[GIVEN ENTRIES]
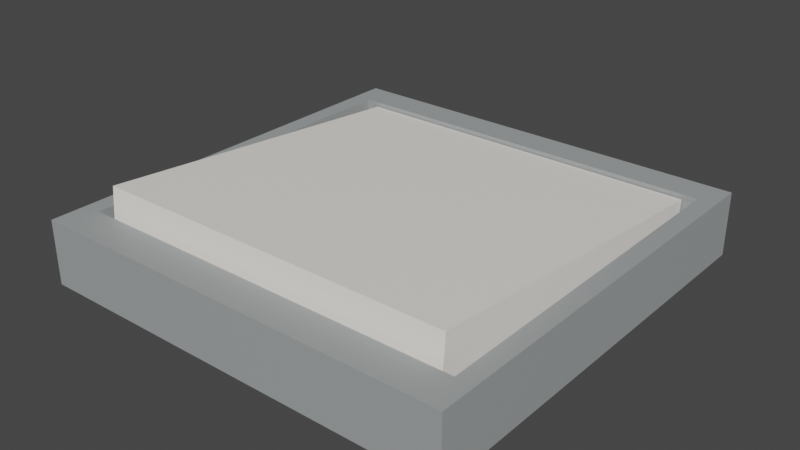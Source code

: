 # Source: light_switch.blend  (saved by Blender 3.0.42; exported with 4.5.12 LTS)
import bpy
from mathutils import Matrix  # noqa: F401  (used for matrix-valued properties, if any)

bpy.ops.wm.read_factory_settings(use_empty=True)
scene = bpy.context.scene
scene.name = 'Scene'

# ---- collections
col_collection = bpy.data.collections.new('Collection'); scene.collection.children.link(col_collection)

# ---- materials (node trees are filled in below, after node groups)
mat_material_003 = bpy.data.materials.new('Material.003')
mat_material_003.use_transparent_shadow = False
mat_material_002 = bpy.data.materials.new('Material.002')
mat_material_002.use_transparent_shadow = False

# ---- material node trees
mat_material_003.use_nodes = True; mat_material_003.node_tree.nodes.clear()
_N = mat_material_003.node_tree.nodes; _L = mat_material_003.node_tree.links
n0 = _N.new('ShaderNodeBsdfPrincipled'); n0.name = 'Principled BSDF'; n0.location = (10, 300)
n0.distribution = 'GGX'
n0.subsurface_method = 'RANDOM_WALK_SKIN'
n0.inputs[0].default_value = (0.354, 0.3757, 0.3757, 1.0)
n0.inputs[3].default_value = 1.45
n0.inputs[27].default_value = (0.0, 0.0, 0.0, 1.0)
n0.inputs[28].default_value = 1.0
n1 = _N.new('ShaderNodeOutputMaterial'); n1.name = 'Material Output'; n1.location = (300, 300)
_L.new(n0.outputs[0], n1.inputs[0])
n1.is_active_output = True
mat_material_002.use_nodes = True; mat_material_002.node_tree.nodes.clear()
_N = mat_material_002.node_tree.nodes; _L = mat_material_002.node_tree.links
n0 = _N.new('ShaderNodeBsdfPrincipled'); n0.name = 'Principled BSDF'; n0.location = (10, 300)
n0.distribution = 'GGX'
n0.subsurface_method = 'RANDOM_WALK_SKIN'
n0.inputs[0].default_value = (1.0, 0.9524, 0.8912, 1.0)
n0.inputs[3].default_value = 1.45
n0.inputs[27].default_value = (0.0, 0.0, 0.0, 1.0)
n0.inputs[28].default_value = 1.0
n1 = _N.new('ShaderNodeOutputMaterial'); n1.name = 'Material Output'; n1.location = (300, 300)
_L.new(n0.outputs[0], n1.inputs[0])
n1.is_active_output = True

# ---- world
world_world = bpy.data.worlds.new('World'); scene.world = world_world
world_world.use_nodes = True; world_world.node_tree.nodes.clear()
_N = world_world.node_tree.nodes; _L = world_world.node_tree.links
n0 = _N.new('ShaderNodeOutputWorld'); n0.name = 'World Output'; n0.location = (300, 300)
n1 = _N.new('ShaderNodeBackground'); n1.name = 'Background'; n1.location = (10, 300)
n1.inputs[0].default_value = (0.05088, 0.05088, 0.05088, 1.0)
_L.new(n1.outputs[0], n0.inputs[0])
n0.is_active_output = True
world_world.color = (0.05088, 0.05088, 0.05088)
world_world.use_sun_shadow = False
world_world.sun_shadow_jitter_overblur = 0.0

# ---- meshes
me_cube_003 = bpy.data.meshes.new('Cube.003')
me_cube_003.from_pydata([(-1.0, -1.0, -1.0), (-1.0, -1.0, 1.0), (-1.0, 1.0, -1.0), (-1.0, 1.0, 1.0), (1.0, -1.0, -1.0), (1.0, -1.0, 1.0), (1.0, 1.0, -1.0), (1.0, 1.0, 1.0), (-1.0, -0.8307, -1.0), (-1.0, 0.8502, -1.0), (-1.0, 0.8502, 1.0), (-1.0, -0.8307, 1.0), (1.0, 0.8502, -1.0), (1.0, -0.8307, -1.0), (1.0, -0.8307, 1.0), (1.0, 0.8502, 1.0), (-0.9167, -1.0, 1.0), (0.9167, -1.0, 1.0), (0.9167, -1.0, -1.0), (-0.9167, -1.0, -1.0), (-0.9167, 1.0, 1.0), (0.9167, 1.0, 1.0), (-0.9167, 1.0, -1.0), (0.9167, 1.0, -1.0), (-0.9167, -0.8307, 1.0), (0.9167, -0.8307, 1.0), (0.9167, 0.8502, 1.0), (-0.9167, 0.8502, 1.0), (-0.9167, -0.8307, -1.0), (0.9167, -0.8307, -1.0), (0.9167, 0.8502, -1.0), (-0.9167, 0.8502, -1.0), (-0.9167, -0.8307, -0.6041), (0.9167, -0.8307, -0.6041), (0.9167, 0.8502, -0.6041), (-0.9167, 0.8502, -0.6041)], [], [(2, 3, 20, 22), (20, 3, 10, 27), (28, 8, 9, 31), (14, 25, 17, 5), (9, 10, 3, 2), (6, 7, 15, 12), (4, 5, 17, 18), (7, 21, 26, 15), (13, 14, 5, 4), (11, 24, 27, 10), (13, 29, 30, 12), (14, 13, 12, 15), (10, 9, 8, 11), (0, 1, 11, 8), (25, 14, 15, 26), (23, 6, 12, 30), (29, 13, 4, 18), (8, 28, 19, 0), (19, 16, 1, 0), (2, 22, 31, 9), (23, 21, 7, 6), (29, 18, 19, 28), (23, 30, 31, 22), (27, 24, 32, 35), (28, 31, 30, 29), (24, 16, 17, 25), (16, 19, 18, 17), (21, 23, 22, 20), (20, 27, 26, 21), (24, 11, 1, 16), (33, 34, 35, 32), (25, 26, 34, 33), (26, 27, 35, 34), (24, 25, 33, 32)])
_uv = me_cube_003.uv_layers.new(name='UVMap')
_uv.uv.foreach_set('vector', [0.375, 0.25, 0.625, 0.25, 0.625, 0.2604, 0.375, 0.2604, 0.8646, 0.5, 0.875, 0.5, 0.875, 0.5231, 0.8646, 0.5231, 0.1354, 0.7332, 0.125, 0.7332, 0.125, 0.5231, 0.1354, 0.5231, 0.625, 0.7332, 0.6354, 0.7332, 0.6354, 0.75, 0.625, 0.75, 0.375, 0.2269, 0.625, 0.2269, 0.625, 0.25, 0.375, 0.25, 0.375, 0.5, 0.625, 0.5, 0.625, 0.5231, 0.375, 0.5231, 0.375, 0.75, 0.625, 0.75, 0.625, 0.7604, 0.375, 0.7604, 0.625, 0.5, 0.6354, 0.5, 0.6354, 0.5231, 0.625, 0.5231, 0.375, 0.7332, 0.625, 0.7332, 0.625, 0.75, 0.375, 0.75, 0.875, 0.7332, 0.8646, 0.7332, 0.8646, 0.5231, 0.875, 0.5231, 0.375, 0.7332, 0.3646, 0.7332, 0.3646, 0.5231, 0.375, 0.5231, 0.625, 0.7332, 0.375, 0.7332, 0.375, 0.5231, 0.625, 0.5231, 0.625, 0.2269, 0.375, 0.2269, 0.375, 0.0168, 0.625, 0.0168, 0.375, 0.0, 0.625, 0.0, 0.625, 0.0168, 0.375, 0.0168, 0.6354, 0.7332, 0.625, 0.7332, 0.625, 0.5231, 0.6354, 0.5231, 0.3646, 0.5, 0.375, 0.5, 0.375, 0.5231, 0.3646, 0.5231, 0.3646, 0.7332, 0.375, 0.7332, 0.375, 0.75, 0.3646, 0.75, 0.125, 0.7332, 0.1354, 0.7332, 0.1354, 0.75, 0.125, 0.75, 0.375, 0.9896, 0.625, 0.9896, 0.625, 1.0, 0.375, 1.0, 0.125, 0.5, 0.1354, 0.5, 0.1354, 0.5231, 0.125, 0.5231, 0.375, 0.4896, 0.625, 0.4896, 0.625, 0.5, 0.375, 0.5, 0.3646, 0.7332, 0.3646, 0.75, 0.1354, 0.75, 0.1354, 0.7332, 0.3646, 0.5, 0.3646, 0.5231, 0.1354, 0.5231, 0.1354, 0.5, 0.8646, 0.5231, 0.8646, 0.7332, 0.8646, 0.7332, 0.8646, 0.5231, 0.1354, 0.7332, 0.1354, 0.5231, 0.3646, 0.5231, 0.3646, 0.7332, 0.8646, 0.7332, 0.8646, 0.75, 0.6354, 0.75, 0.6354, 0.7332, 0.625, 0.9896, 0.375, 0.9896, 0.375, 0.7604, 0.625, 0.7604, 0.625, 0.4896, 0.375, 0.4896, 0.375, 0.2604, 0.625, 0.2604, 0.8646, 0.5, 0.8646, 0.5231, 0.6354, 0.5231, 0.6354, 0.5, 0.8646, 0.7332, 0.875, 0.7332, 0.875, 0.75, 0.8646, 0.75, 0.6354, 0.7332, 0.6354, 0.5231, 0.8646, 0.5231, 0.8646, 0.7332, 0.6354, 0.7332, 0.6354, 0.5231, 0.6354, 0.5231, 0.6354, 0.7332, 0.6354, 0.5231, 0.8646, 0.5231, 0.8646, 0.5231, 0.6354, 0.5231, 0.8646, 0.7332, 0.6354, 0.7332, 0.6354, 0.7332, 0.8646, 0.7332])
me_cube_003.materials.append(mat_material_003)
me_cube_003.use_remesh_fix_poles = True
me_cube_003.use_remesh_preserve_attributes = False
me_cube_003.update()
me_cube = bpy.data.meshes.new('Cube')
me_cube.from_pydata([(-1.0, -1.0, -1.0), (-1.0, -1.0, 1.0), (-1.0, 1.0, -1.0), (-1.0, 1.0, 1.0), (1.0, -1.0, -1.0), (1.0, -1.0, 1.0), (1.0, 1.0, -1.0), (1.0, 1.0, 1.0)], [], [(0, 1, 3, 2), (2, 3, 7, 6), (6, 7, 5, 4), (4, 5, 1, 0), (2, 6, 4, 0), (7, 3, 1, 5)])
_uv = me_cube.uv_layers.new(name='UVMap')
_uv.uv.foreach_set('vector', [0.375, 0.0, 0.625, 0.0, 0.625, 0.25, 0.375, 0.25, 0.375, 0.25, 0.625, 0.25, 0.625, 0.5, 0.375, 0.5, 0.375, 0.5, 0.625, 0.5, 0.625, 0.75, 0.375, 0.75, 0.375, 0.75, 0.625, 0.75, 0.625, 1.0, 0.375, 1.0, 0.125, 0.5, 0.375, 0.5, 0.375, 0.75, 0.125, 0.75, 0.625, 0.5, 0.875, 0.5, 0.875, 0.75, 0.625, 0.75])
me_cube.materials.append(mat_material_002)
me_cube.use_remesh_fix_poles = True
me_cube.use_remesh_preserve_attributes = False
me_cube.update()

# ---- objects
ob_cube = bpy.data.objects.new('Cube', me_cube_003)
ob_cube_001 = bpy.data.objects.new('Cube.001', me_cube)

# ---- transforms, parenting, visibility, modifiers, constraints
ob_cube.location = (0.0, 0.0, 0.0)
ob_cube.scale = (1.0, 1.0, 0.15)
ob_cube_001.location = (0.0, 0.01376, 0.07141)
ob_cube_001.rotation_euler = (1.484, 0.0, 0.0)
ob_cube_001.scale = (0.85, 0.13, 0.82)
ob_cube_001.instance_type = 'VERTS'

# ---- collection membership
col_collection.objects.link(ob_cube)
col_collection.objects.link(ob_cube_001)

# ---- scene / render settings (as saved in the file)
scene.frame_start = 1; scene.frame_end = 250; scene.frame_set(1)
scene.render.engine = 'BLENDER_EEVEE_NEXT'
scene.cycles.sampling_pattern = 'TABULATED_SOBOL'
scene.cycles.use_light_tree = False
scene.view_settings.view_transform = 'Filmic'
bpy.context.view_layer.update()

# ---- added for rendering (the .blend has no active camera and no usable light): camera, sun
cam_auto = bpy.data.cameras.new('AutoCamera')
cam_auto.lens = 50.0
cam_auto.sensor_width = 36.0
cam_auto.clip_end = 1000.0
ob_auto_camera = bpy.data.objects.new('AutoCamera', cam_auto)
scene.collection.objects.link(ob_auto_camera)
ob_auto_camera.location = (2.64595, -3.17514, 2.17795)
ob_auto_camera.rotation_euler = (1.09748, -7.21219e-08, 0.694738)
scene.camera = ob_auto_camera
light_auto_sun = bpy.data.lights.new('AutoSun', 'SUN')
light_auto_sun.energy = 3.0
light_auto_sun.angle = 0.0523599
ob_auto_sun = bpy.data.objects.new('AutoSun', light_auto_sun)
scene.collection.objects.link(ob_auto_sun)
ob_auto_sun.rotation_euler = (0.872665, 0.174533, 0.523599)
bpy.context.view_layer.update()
[/GIVEN ENTRIES]
Within the material above, the line with "n1.inputs[0].default_value = (0.05088, 0.05088, 0.05088, 1.0)" opens the range and the line with "# ---- meshes" closes it; reproduce that range word for word.

» **ANSWER SECTION**
n1.inputs[0].default_value = (0.05088, 0.05088, 0.05088, 1.0)
_L.new(n1.outputs[0], n0.inputs[0])
n0.is_active_output = True
world_world.color = (0.05088, 0.05088, 0.05088)
world_world.use_sun_shadow = False
world_world.sun_shadow_jitter_overblur = 0.0

# ---- meshes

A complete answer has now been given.